**WHAT THE TASK REQUIRES:** Extract the lines of the material below, beginning with the first and ending with the line that holds "C1, C3, C8, C10, C14: 0.1uF; CAPC0402X22N". Skip every picture.

**SUPPLIED MATERIAL:**

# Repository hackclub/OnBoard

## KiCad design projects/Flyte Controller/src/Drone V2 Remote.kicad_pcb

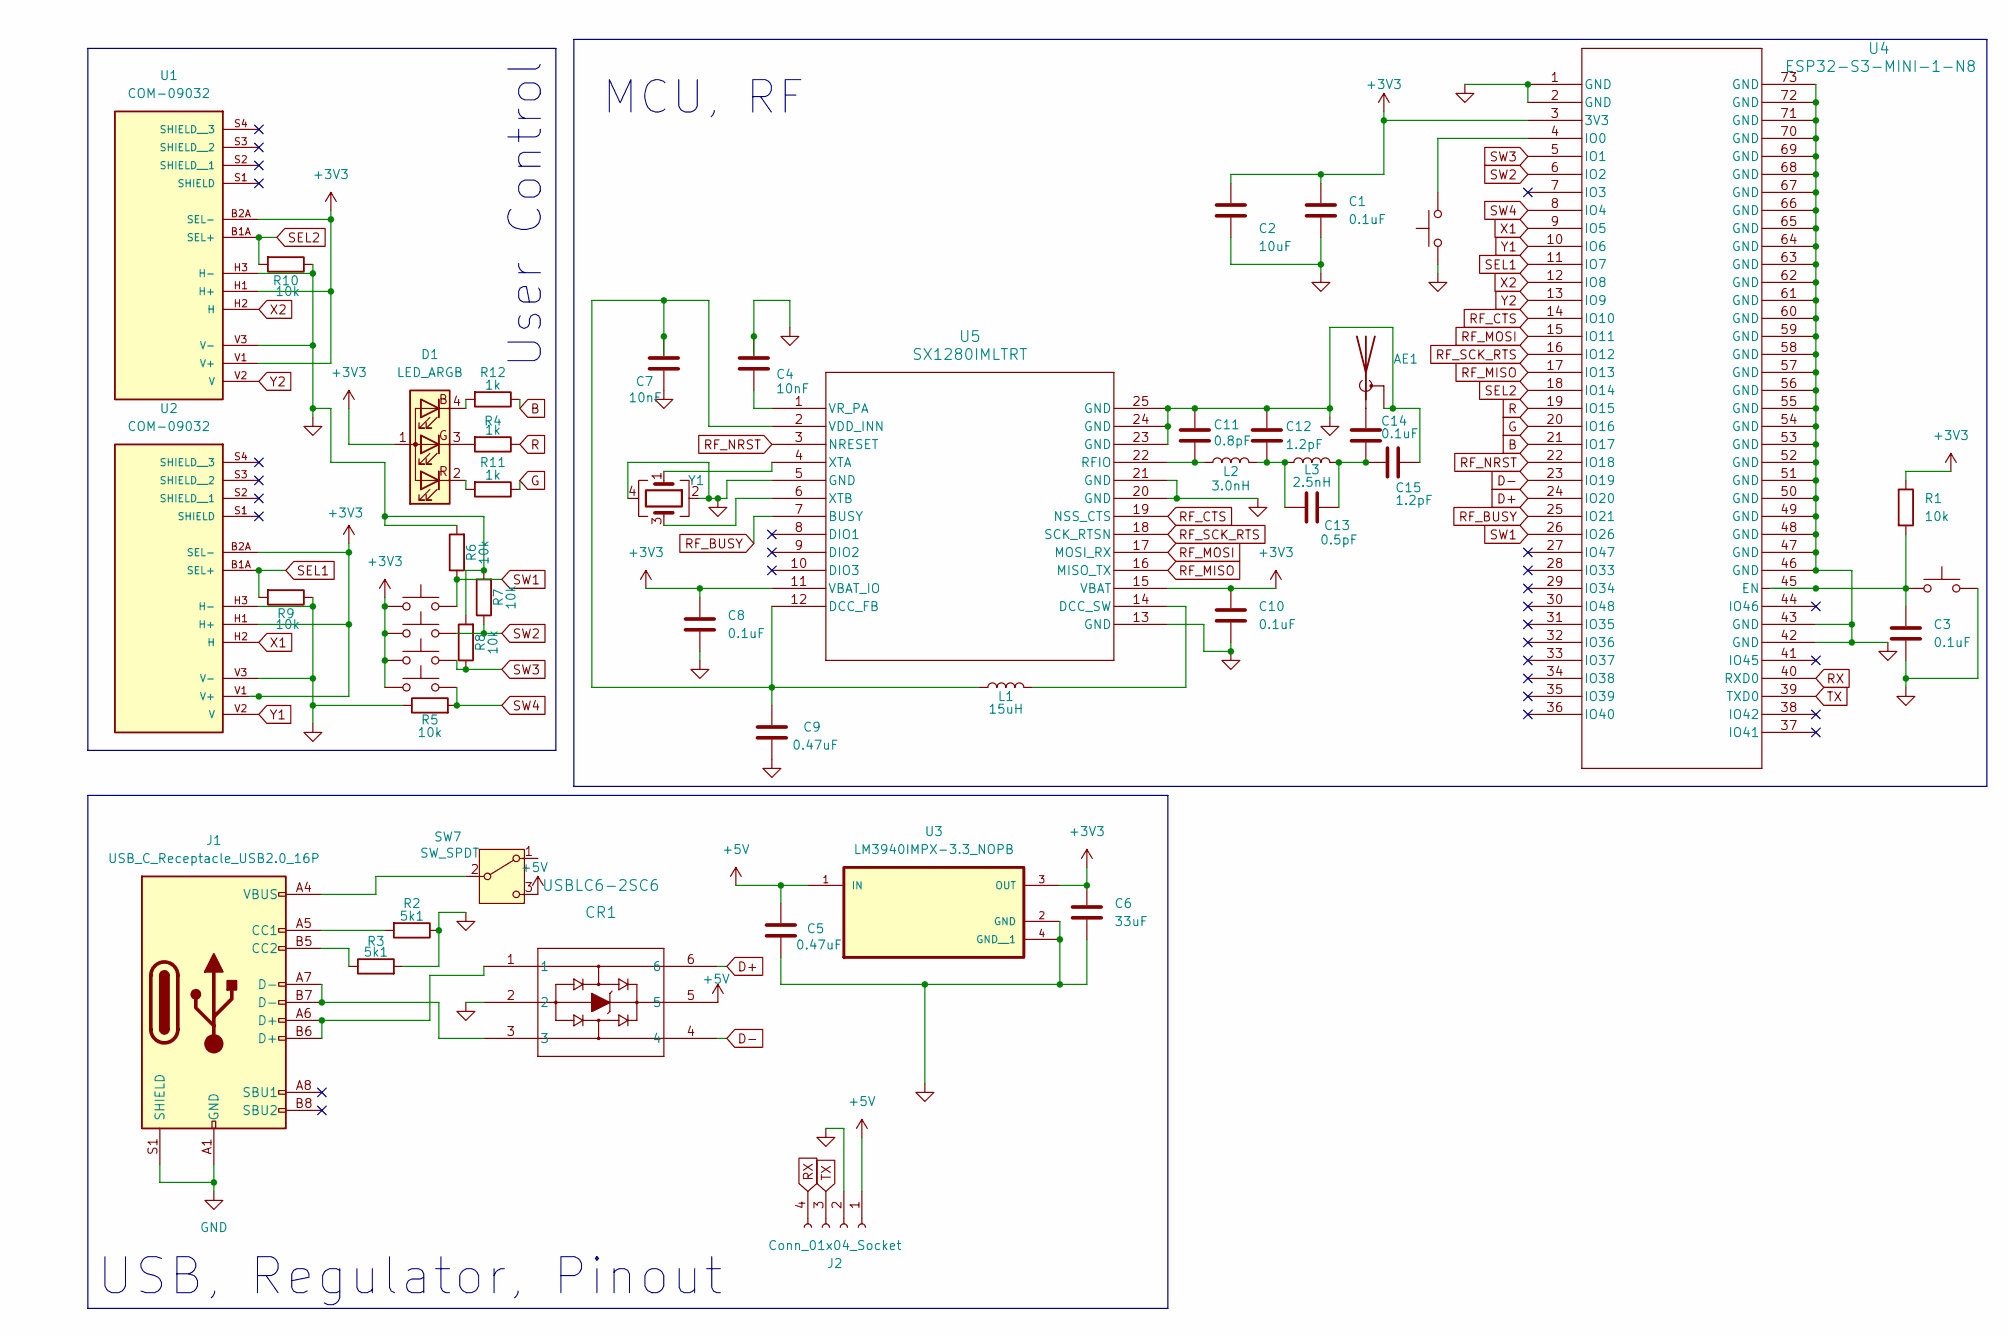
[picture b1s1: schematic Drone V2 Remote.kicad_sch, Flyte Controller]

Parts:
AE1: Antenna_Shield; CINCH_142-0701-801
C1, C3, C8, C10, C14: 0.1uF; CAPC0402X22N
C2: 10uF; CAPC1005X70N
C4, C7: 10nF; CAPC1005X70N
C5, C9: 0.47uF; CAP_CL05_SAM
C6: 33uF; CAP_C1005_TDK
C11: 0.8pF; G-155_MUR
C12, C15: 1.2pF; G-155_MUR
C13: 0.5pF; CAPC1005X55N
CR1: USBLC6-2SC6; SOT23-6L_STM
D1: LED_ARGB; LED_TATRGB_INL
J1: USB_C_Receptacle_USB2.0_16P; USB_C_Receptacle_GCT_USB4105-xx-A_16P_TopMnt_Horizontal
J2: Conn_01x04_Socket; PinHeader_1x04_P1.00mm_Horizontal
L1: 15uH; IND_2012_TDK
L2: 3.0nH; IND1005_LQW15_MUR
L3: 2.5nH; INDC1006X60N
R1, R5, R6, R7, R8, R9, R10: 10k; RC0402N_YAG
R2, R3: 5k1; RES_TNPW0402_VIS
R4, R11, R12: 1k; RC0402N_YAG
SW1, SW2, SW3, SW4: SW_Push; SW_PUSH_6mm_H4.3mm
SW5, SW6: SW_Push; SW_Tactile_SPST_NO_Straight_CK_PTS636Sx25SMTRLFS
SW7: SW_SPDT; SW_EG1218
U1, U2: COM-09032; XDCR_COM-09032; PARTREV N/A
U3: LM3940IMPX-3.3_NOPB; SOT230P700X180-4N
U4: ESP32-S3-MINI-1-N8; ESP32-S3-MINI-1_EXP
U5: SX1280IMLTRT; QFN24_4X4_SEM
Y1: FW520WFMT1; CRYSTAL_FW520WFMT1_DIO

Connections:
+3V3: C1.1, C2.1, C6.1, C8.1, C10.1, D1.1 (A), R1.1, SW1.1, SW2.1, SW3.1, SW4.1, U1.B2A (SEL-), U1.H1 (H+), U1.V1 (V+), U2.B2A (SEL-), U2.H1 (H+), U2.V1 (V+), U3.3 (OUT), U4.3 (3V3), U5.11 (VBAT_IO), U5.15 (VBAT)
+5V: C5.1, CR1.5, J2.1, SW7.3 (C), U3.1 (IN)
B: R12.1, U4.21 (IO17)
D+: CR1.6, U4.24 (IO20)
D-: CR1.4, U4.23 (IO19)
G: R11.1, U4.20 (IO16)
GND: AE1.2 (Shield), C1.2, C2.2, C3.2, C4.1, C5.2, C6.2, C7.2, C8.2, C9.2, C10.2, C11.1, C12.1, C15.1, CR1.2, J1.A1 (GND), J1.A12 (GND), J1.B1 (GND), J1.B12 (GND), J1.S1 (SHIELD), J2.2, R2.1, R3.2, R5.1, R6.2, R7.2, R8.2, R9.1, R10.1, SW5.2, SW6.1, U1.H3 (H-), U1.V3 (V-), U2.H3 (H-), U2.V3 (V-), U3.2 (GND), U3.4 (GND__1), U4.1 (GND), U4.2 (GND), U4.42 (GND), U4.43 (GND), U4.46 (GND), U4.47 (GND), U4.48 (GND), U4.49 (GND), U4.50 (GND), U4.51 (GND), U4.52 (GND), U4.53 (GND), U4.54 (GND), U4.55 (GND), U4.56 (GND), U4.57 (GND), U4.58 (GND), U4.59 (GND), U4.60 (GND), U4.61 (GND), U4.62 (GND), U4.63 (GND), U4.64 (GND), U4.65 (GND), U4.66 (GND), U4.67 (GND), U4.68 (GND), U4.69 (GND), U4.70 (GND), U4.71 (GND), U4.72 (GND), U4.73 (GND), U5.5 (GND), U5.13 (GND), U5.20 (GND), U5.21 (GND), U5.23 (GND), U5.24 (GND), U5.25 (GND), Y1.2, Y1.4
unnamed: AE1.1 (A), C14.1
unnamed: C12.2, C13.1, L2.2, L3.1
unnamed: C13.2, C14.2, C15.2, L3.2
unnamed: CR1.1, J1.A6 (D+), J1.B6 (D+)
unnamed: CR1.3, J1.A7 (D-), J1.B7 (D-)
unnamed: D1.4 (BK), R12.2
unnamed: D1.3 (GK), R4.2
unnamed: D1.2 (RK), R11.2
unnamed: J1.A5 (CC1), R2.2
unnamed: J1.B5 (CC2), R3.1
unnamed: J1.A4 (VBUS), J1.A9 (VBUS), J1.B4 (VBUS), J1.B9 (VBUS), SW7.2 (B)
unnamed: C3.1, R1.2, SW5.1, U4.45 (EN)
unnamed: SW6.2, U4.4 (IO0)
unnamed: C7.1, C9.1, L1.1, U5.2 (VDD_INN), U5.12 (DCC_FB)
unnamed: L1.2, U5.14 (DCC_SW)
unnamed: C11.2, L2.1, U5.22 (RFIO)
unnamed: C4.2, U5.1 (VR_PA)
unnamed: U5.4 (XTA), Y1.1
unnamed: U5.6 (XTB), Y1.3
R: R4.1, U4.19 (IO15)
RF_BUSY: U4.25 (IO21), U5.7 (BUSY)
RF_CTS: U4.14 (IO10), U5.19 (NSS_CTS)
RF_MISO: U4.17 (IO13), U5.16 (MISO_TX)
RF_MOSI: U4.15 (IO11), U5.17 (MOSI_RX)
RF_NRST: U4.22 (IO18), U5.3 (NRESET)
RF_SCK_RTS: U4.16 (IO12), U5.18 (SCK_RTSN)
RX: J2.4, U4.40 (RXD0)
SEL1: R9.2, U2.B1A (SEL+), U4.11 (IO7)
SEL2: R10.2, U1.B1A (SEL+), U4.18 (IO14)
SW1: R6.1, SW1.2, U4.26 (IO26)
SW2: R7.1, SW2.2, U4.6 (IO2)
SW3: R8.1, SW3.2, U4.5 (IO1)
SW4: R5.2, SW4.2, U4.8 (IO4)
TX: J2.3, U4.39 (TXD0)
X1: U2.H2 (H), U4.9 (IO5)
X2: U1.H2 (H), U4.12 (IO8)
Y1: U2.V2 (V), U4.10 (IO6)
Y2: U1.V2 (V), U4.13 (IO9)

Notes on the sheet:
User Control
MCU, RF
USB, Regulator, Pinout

**COMPLETED EXERCISE:**
# Repository hackclub/OnBoard

## KiCad design projects/Flyte Controller/src/Drone V2 Remote.kicad_pcb

[picture b1s1: schematic Drone V2 Remote.kicad_sch, Flyte Controller]

Parts:
AE1: Antenna_Shield; CINCH_142-0701-801
C1, C3, C8, C10, C14: 0.1uF; CAPC0402X22N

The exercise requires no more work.